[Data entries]
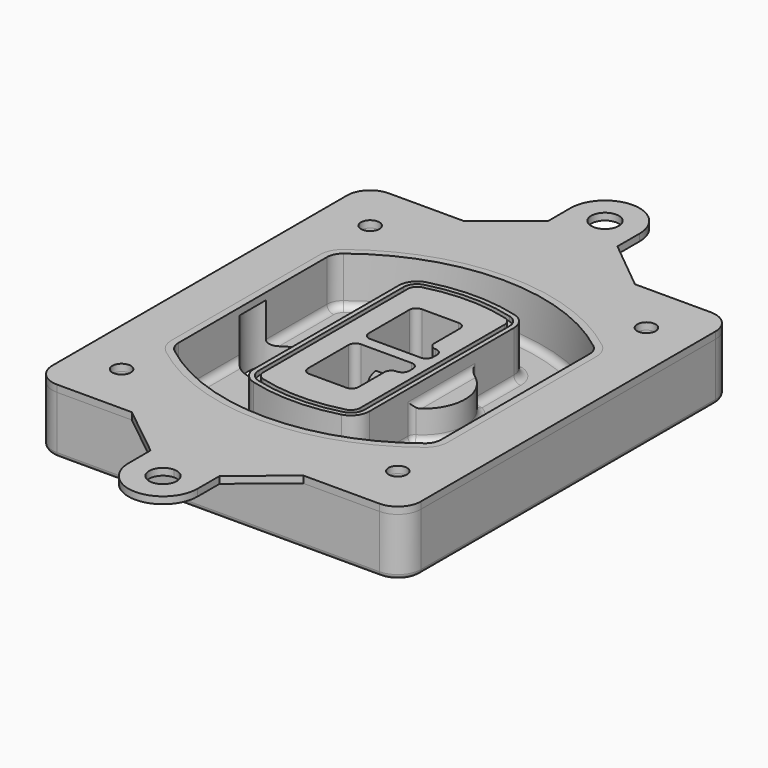
from build123d import *

# Parameters (mm, degrees)
F0_R      = 4
F1_DEPTH  = 25
F2_DEPTH  = 3
F3_DEPTH  = 18
F5_DEPTH  = 21
F6_DEPTH  = 2
F8_DEPTH  = 20
F9_DEPTH  = 16
F10_DEPTH = 25
F7_R      = 6
F7_R_2    = 4
F11_DEPTH = 6
F13_DEPTH = 9
F14_R     = 3
F15_R     = 2
F16_R     = 4
F17_DEPTH = 3
F18_DEPTH = 3
F19_DEPTH = 3


# Not quite as in the source:
# - a feature names something its author has since deleted; it is built from what else it names


with BuildPart() as f1:
    # F0 (on Top) → F1 (new body)
    with BuildSketch(Plane.XY):
        with BuildLine():
            ThreePointArc((-80, -80), (-77.0710678119, -87.0710678119), (-70, -90))
            Line((-70, -90), (70, -90))
            ThreePointArc((70, -90), (77.0710678119, -87.0710678119), (80, -80))
            Line((80, -80), (80, 80))
            ThreePointArc((80, 80), (77.0710678119, 87.0710678119), (70, 90))
            Line((70, 90), (-70, 90))
            ThreePointArc((-70, 90), (-77.0710678119, 87.0710678119), (-80, 80))
            Line((-80, 80), (-80, -80))
        make_face()
        with Locations((-60, -67.5)):
            Circle(F0_R, mode=Mode.SUBTRACT)
        with Locations((60, -67.5)):
            Circle(F0_R, mode=Mode.SUBTRACT)
        with Locations((-60, 67.5)):
            Circle(F0_R, mode=Mode.SUBTRACT)
        with BuildLine():
            ThreePointArc((-64, 40.2934422872), (-62.5820384798, 46.4328484224), (-58.6153846154, 51.3286200352))
            ThreePointArc((-58.6153846154, 51.3286200352), (0, 71.5), (58.6153846154, 51.3286200352))
            ThreePointArc((58.6153846154, 51.3286200352), (62.5820384798, 46.4328484224), (64, 40.2934422872))
            Line((64, 40.2934422872), (64, -40.2934422872))
            ThreePointArc((64, -40.2934422872), (62.5820384798, -46.4328484224), (58.6153846154, -51.3286200352))
            ThreePointArc((58.6153846154, -51.3286200352), (0, -71.5), (-58.6153846154, -51.3286200352))
            ThreePointArc((-58.6153846154, -51.3286200352), (-62.5820384798, -46.4328484224), (-64, -40.2934422872))
            Line((-64, -40.2934422872), (-64, 40.2934422872))
        make_face(mode=Mode.SUBTRACT)
        with Locations((60, 67.5)):
            Circle(F0_R, mode=Mode.SUBTRACT)
        with BuildLine():
            ThreePointArc((58.6153846154, 51.3286200352), (0, 71.5), (-58.6153846154, 51.3286200352))
            ThreePointArc((-58.6153846154, 51.3286200352), (-62.5820384798, 46.4328484224), (-64, 40.2934422872))
            Line((-64, 40.2934422872), (-64, -40.2934422872))
            ThreePointArc((-64, -40.2934422872), (-62.5820384798, -46.4328484224), (-58.6153846154, -51.3286200352))
            ThreePointArc((-58.6153846154, -51.3286200352), (0, -71.5), (58.6153846154, -51.3286200352))
            ThreePointArc((58.6153846154, -51.3286200352), (62.5820384798, -46.4328484224), (64, -40.2934422872))
            Line((64, -40.2934422872), (64, 40.2934422872))
            ThreePointArc((64, 40.2934422872), (62.5820384798, 46.4328484224), (58.6153846154, 51.3286200352))
        make_face()
        with BuildLine():
            Line((-60, -40.2934422872), (-60, 40.2934422872))
            ThreePointArc((-60, 40.2934422872), (-58.9871703427, 44.6787323838), (-56.1538461538, 48.1757121072))
            ThreePointArc((-56.1538461538, 48.1757121072), (0, 67.5), (56.1538461538, 48.1757121072))
            ThreePointArc((56.1538461538, 48.1757121072), (58.9871703427, 44.6787323838), (60, 40.2934422872))
            Line((60, 40.2934422872), (60, -40.2934422872))
            ThreePointArc((60, -40.2934422872), (58.9871703427, -44.6787323838), (56.1538461538, -48.1757121072))
            ThreePointArc((56.1538461538, -48.1757121072), (0, -67.5), (-56.1538461538, -48.1757121072))
            ThreePointArc((-56.1538461538, -48.1757121072), (-58.9871703427, -44.6787323838), (-60, -40.2934422872))
        make_face(mode=Mode.SUBTRACT)
        with BuildLine():
            ThreePointArc((-56.1538461538, 48.1757121072), (-58.9871703427, 44.6787323838), (-60, 40.2934422872))
            Line((-60, 40.2934422872), (-60, -40.2934422872))
            ThreePointArc((-60, -40.2934422872), (-58.9871703427, -44.6787323838), (-56.1538461538, -48.1757121072))
            ThreePointArc((-56.1538461538, -48.1757121072), (0, -67.5), (56.1538461538, -48.1757121072))
            ThreePointArc((56.1538461538, -48.1757121072), (58.9871703427, -44.6787323838), (60, -40.2934422872))
            Line((60, -40.2934422872), (60, 40.2934422872))
            ThreePointArc((60, 40.2934422872), (58.9871703427, 44.6787323838), (56.1538461538, 48.1757121072))
            ThreePointArc((56.1538461538, 48.1757121072), (0, 67.5), (-56.1538461538, 48.1757121072))
        make_face()
        with BuildLine():
            ThreePointArc((54.3076923077, 45.8110311612), (56.2910192399, 43.3631453548), (57, 40.2934422872))
            Line((57, 40.2934422872), (57, -40.2934422872))
            ThreePointArc((57, -40.2934422872), (56.2910192399, -43.3631453548), (54.3076923077, -45.8110311612))
            ThreePointArc((54.3076923077, -45.8110311612), (0, -64.5), (-54.3076923077, -45.8110311612))
            ThreePointArc((-54.3076923077, -45.8110311612), (-56.2910192399, -43.3631453548), (-57, -40.2934422872))
            Line((-57, -40.2934422872), (-57, 40.2934422872))
            ThreePointArc((-57, 40.2934422872), (-56.2910192399, 43.3631453548), (-54.3076923077, 45.8110311612))
            ThreePointArc((-54.3076923077, 45.8110311612), (0, 64.5), (54.3076923077, 45.8110311612))
        make_face(mode=Mode.SUBTRACT)
        with BuildLine():
            Line((57, -40.2934422872), (57, 40.2934422872))
            ThreePointArc((57, 40.2934422872), (56.2910192399, 43.3631453548), (54.3076923077, 45.8110311612))
            ThreePointArc((54.3076923077, 45.8110311612), (0, 64.5), (-54.3076923077, 45.8110311612))
            ThreePointArc((-54.3076923077, 45.8110311612), (-56.2910192399, 43.3631453548), (-57, 40.2934422872))
            Line((-57, 40.2934422872), (-57, -40.2934422872))
            ThreePointArc((-57, -40.2934422872), (-56.2910192399, -43.3631453548), (-54.3076923077, -45.8110311612))
            ThreePointArc((-54.3076923077, -45.8110311612), (0, -64.5), (54.3076923077, -45.8110311612))
            ThreePointArc((54.3076923077, -45.8110311612), (56.2910192399, -43.3631453548), (57, -40.2934422872))
        make_face()
    extrude(amount=-F1_DEPTH)

    # F0 (on Top) → F2 (join)
    with BuildSketch(Plane.XY):
        with BuildLine():
            ThreePointArc((-56.1538461538, 48.1757121072), (-58.9871703427, 44.6787323838), (-60, 40.2934422872))
            Line((-60, 40.2934422872), (-60, -40.2934422872))
            ThreePointArc((-60, -40.2934422872), (-58.9871703427, -44.6787323838), (-56.1538461538, -48.1757121072))
            ThreePointArc((-56.1538461538, -48.1757121072), (0, -67.5), (56.1538461538, -48.1757121072))
            ThreePointArc((56.1538461538, -48.1757121072), (58.9871703427, -44.6787323838), (60, -40.2934422872))
            Line((60, -40.2934422872), (60, 40.2934422872))
            ThreePointArc((60, 40.2934422872), (58.9871703427, 44.6787323838), (56.1538461538, 48.1757121072))
            ThreePointArc((56.1538461538, 48.1757121072), (0, 67.5), (-56.1538461538, 48.1757121072))
        make_face()
        with BuildLine():
            ThreePointArc((54.3076923077, 45.8110311612), (56.2910192399, 43.3631453548), (57, 40.2934422872))
            Line((57, 40.2934422872), (57, -40.2934422872))
            ThreePointArc((57, -40.2934422872), (56.2910192399, -43.3631453548), (54.3076923077, -45.8110311612))
            ThreePointArc((54.3076923077, -45.8110311612), (0, -64.5), (-54.3076923077, -45.8110311612))
            ThreePointArc((-54.3076923077, -45.8110311612), (-56.2910192399, -43.3631453548), (-57, -40.2934422872))
            Line((-57, -40.2934422872), (-57, 40.2934422872))
            ThreePointArc((-57, 40.2934422872), (-56.2910192399, 43.3631453548), (-54.3076923077, 45.8110311612))
            ThreePointArc((-54.3076923077, 45.8110311612), (0, 64.5), (54.3076923077, 45.8110311612))
        make_face(mode=Mode.SUBTRACT)
    extrude(amount=F2_DEPTH)

    # F0 (on Top) → F3 (cut)
    with BuildSketch(Plane.XY):
        with BuildLine():
            Line((57, -40.2934422872), (57, 40.2934422872))
            ThreePointArc((57, 40.2934422872), (56.2910192399, 43.3631453548), (54.3076923077, 45.8110311612))
            ThreePointArc((54.3076923077, 45.8110311612), (0, 64.5), (-54.3076923077, 45.8110311612))
            ThreePointArc((-54.3076923077, 45.8110311612), (-56.2910192399, 43.3631453548), (-57, 40.2934422872))
            Line((-57, 40.2934422872), (-57, -40.2934422872))
            ThreePointArc((-57, -40.2934422872), (-56.2910192399, -43.3631453548), (-54.3076923077, -45.8110311612))
            ThreePointArc((-54.3076923077, -45.8110311612), (0, -64.5), (54.3076923077, -45.8110311612))
            ThreePointArc((54.3076923077, -45.8110311612), (56.2910192399, -43.3631453548), (57, -40.2934422872))
        make_face()
    extrude(amount=-F3_DEPTH, mode=Mode.SUBTRACT)

    # F4 (on face) → F5 (join, through all)
    with BuildSketch(Plane.XY.offset(3)):
        with BuildLine():
            ThreePointArc((-25, -39.2465276821), (-23.3511545998, -44.1109737193), (-19.0842911877, -46.9702398883))
            ThreePointArc((-19.0842911877, -46.9702398883), (0, -49.5), (19.0842911877, -46.9702398883))
            ThreePointArc((19.0842911877, -46.9702398883), (23.3511545998, -44.1109737193), (25, -39.2465276821))
            Line((25, -39.2465276821), (25, 39.2465276821))
            ThreePointArc((25, 39.2465276821), (23.3511545998, 44.1109737193), (19.0842911877, 46.9702398883))
            ThreePointArc((19.0842911877, 46.9702398883), (0, 49.5), (-19.0842911877, 46.9702398883))
            ThreePointArc((-19.0842911877, 46.9702398883), (-23.3511545998, 44.1109737193), (-25, 39.2465276821))
            Line((-25, 39.2465276821), (-25, -39.2465276821))
        make_face()
        with BuildLine():
            ThreePointArc((18.5632183908, 45.0393118368), (21.7633659499, 42.89486221), (23, 39.2465276821))
            Line((23, 39.2465276821), (23, -39.2465276821))
            ThreePointArc((23, -39.2465276821), (21.7633659499, -42.89486221), (18.5632183908, -45.0393118368))
            ThreePointArc((18.5632183908, -45.0393118368), (0, -47.5), (-18.5632183908, -45.0393118368))
            ThreePointArc((-18.5632183908, -45.0393118368), (-21.7633659499, -42.89486221), (-23, -39.2465276821))
            Line((-23, -39.2465276821), (-23, 39.2465276821))
            ThreePointArc((-23, 39.2465276821), (-21.7633659499, 42.89486221), (-18.5632183908, 45.0393118368))
            ThreePointArc((-18.5632183908, 45.0393118368), (0, 47.5), (18.5632183908, 45.0393118368))
        make_face(mode=Mode.SUBTRACT)
        with BuildLine():
            Line((23, -39.2465276821), (23, 39.2465276821))
            ThreePointArc((23, 39.2465276821), (21.7633659499, 42.89486221), (18.5632183908, 45.0393118368))
            ThreePointArc((18.5632183908, 45.0393118368), (0, 47.5), (-18.5632183908, 45.0393118368))
            ThreePointArc((-18.5632183908, 45.0393118368), (-21.7633659499, 42.89486221), (-23, 39.2465276821))
            Line((-23, 39.2465276821), (-23, -39.2465276821))
            ThreePointArc((-23, -39.2465276821), (-21.7633659499, -42.89486221), (-18.5632183908, -45.0393118368))
            ThreePointArc((-18.5632183908, -45.0393118368), (0, -47.5), (18.5632183908, -45.0393118368))
            ThreePointArc((18.5632183908, -45.0393118368), (21.7633659499, -42.89486221), (23, -39.2465276821))
        make_face()
        with BuildLine():
            ThreePointArc((18.0421455939, 43.1083837852), (20.1755772999, 41.6787507007), (21, 39.2465276821))
            Line((21, 39.2465276821), (21, -39.2465276821))
            ThreePointArc((21, -39.2465276821), (20.1755772999, -41.6787507007), (18.0421455939, -43.1083837852))
            ThreePointArc((18.0421455939, -43.1083837852), (0, -45.5), (-18.0421455939, -43.1083837852))
            ThreePointArc((-18.0421455939, -43.1083837852), (-20.1755772999, -41.6787507007), (-21, -39.2465276821))
            Line((-21, -39.2465276821), (-21, 39.2465276821))
            ThreePointArc((-21, 39.2465276821), (-20.1755772999, 41.6787507007), (-18.0421455939, 43.1083837852))
            ThreePointArc((-18.0421455939, 43.1083837852), (0, 45.5), (18.0421455939, 43.1083837852))
        make_face(mode=Mode.SUBTRACT)
        with BuildLine():
            Line((21, -39.2465276821), (21, 39.2465276821))
            ThreePointArc((21, 39.2465276821), (20.1755772999, 41.6787507007), (18.0421455939, 43.1083837852))
            ThreePointArc((18.0421455939, 43.1083837852), (0, 45.5), (-18.0421455939, 43.1083837852))
            ThreePointArc((-18.0421455939, 43.1083837852), (-20.1755772999, 41.6787507007), (-21, 39.2465276821))
            Line((-21, 39.2465276821), (-21, -39.2465276821))
            ThreePointArc((-21, -39.2465276821), (-20.1755772999, -41.6787507007), (-18.0421455939, -43.1083837852))
            ThreePointArc((-18.0421455939, -43.1083837852), (0, -45.5), (18.0421455939, -43.1083837852))
            ThreePointArc((18.0421455939, -43.1083837852), (20.1755772999, -41.6787507007), (21, -39.2465276821))
        make_face()
        with BuildLine():
            Line((-8, -2.5), (14, -2.5))
            ThreePointArc((14, -2.5), (16.1213203436, -3.3786796564), (17, -5.5))
            Line((17, -5.5), (17, -7.5))
            ThreePointArc((17, -7.5), (16.1213203436, -9.6213203436), (14, -10.5))
            ThreePointArc((14, -10.5), (11.8786796564, -11.3786796564), (11, -13.5))
            Line((11, -13.5), (11, -27.5))
            ThreePointArc((11, -27.5), (10.1213203436, -29.6213203436), (8, -30.5))
            Line((8, -30.5), (-8, -30.5))
            ThreePointArc((-8, -30.5), (-10.1213203436, -29.6213203436), (-11, -27.5))
            Line((-11, -27.5), (-11, -5.5))
            ThreePointArc((-11, -5.5), (-10.1213203436, -3.3786796564), (-8, -2.5))
        make_face(mode=Mode.SUBTRACT)
        with BuildLine():
            ThreePointArc((-8, 2.5), (-10.1213203436, 3.3786796564), (-11, 5.5))
            Line((-11, 5.5), (-11, 27.5))
            ThreePointArc((-11, 27.5), (-10.1213203436, 29.6213203436), (-8, 30.5))
            Line((-8, 30.5), (8, 30.5))
            ThreePointArc((8, 30.5), (10.1213203436, 29.6213203436), (11, 27.5))
            Line((11, 27.5), (11, 13.5))
            ThreePointArc((11, 13.5), (11.8786796564, 11.3786796564), (14, 10.5))
            ThreePointArc((14, 10.5), (16.1213203436, 9.6213203436), (17, 7.5))
            Line((17, 7.5), (17, 5.5))
            ThreePointArc((17, 5.5), (16.1213203436, 3.3786796564), (14, 2.5))
            Line((14, 2.5), (-8, 2.5))
        make_face(mode=Mode.SUBTRACT)
    extrude(amount=-F5_DEPTH)

    # F4 (on face) → F6 (cut)
    with BuildSketch(Plane.XY.offset(3)):
        with BuildLine():
            Line((23, -39.2465276821), (23, 39.2465276821))
            ThreePointArc((23, 39.2465276821), (21.7633659499, 42.89486221), (18.5632183908, 45.0393118368))
            ThreePointArc((18.5632183908, 45.0393118368), (0, 47.5), (-18.5632183908, 45.0393118368))
            ThreePointArc((-18.5632183908, 45.0393118368), (-21.7633659499, 42.89486221), (-23, 39.2465276821))
            Line((-23, 39.2465276821), (-23, -39.2465276821))
            ThreePointArc((-23, -39.2465276821), (-21.7633659499, -42.89486221), (-18.5632183908, -45.0393118368))
            ThreePointArc((-18.5632183908, -45.0393118368), (0, -47.5), (18.5632183908, -45.0393118368))
            ThreePointArc((18.5632183908, -45.0393118368), (21.7633659499, -42.89486221), (23, -39.2465276821))
        make_face()
        with BuildLine():
            ThreePointArc((18.0421455939, 43.1083837852), (20.1755772999, 41.6787507007), (21, 39.2465276821))
            Line((21, 39.2465276821), (21, -39.2465276821))
            ThreePointArc((21, -39.2465276821), (20.1755772999, -41.6787507007), (18.0421455939, -43.1083837852))
            ThreePointArc((18.0421455939, -43.1083837852), (0, -45.5), (-18.0421455939, -43.1083837852))
            ThreePointArc((-18.0421455939, -43.1083837852), (-20.1755772999, -41.6787507007), (-21, -39.2465276821))
            Line((-21, -39.2465276821), (-21, 39.2465276821))
            ThreePointArc((-21, 39.2465276821), (-20.1755772999, 41.6787507007), (-18.0421455939, 43.1083837852))
            ThreePointArc((-18.0421455939, 43.1083837852), (0, 45.5), (18.0421455939, 43.1083837852))
        make_face(mode=Mode.SUBTRACT)
    extrude(amount=-F6_DEPTH, mode=Mode.SUBTRACT)

    # F7 (on face) → F8 (join)
    with BuildSketch(Plane(origin=(0, 0, -25), x_dir=(1, 0, 0), z_dir=(0, 0, -1))):
        with BuildLine():
            ThreePointArc((3.28842436, 0), (16.7567035675, 13.4682792075), (30.224982775, 0))
            Line((30.224982775, 0), (35.224982775, 0))
            ThreePointArc((35.224982775, 0), (16.7567035675, 18.4682792075), (-1.71157564, 0))
            Line((-1.71157564, 0), (3.28842436, 0))
        make_face()
        with BuildLine():
            Line((3.28842436, 0), (30.224982775, 0))
            ThreePointArc((30.224982775, 0), (16.7567035675, 13.4682792075), (3.28842436, 0))
        make_face()
        with BuildLine():
            ThreePointArc((3.28842436, 0), (16.7567035675, -13.4682792075), (30.224982775, 0))
            Line((30.224982775, 0), (3.28842436, 0))
        make_face()
        with BuildLine():
            Line((35.224982775, 0), (30.224982775, 0))
            ThreePointArc((30.224982775, 0), (16.7567035675, -13.4682792075), (3.28842436, 0))
            Line((3.28842436, 0), (-1.71157564, 0))
            ThreePointArc((-1.71157564, 0), (16.7567035675, -18.4682792075), (35.224982775, 0))
        make_face()
    extrude(amount=-F8_DEPTH)

    # F7 (on face) → F9 (cut)
    with BuildSketch(Plane(origin=(0, 0, -25), x_dir=(1, 0, 0), z_dir=(0, 0, -1))):
        with BuildLine():
            Line((3.28842436, 0), (30.224982775, 0))
            ThreePointArc((30.224982775, 0), (16.7567035675, 13.4682792075), (3.28842436, 0))
        make_face()
        with BuildLine():
            ThreePointArc((3.28842436, 0), (16.7567035675, -13.4682792075), (30.224982775, 0))
            Line((30.224982775, 0), (3.28842436, 0))
        make_face()
    extrude(amount=-F9_DEPTH, mode=Mode.SUBTRACT)

    # F7 (on face) → F10 (cut)
    with BuildSketch(Plane(origin=(0, 0, -25), x_dir=(1, 0, 0), z_dir=(0, 0, -1))):
        with BuildLine():
            Line((-59.0318229325, 0), (-32.0952645175, 0))
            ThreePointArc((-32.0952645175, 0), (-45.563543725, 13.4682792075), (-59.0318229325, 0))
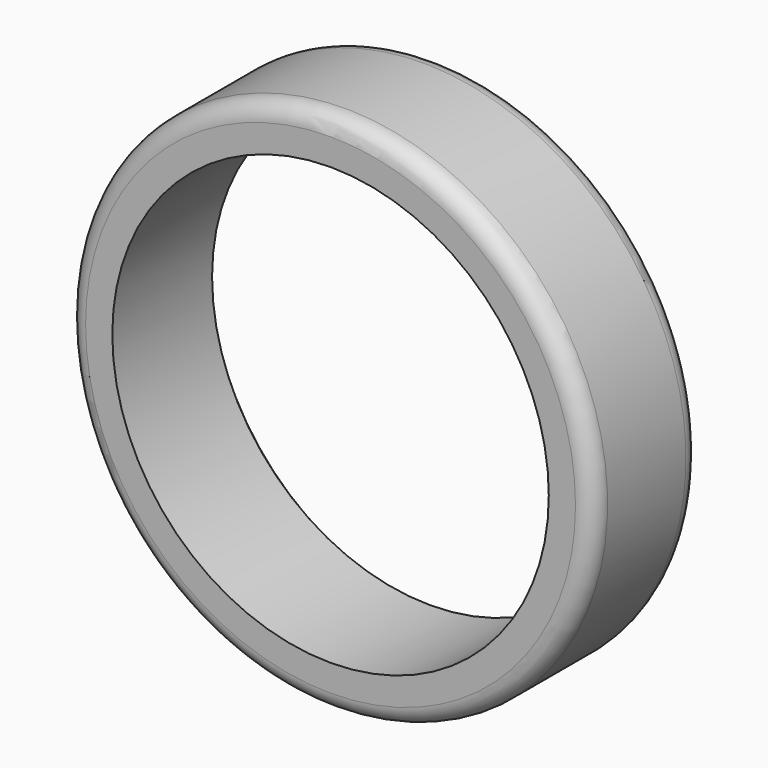
from build123d import *

# Parameters (mm, degrees)
F2_R    = 1.99999
F3_SIZE = 0.99999


# Not quite as in the source:
# - a fillet or chamfer is up to 0.001 mm smaller than in the source, because OpenCascade refuses the exact size


with BuildPart() as f1:
    # F0 (on Top) → F1 (revolve)
    with BuildSketch(Plane.XY):
        Polygon((-24.5, 0), (-24.5, 14.3020306939), (-24.5, 15), (-25.5, 15), (-25.5, 5), (-27.5, 5), (-27.5, 15), (-29.5, 15), (-29.5, 0), align=None)
    revolve(axis=Axis((0, 7.5544440188, 0), (0, -1, 0)))

    # F2 (radius 2 in the source; OpenCascade refuses exactly that, so slightly less here)
    f2_edges = [f1.edges().sort_by_distance(p)[0] for p in [
        (29.5, 15, 0),
        (29.5, 0, 0),
    ]]
    fillet(f2_edges, radius=F2_R)

    # F3 (size 1 in the source; OpenCascade refuses exactly that, so slightly less here)
    f3_edges = [f1.edges().sort_by_distance(p)[0] for p in [
        (24.5, 15, 0),
    ]]
    chamfer(f3_edges, length=F3_SIZE)


solid = f1.part

_Your assignment_. Scan the entries for lines holding the string "fillet", then copy every one of them.

_Result_.
# - a fillet or chamfer is up to 0.001 mm smaller than in the source, because OpenCascade refuses the exact size
    fillet(f2_edges, radius=F2_R)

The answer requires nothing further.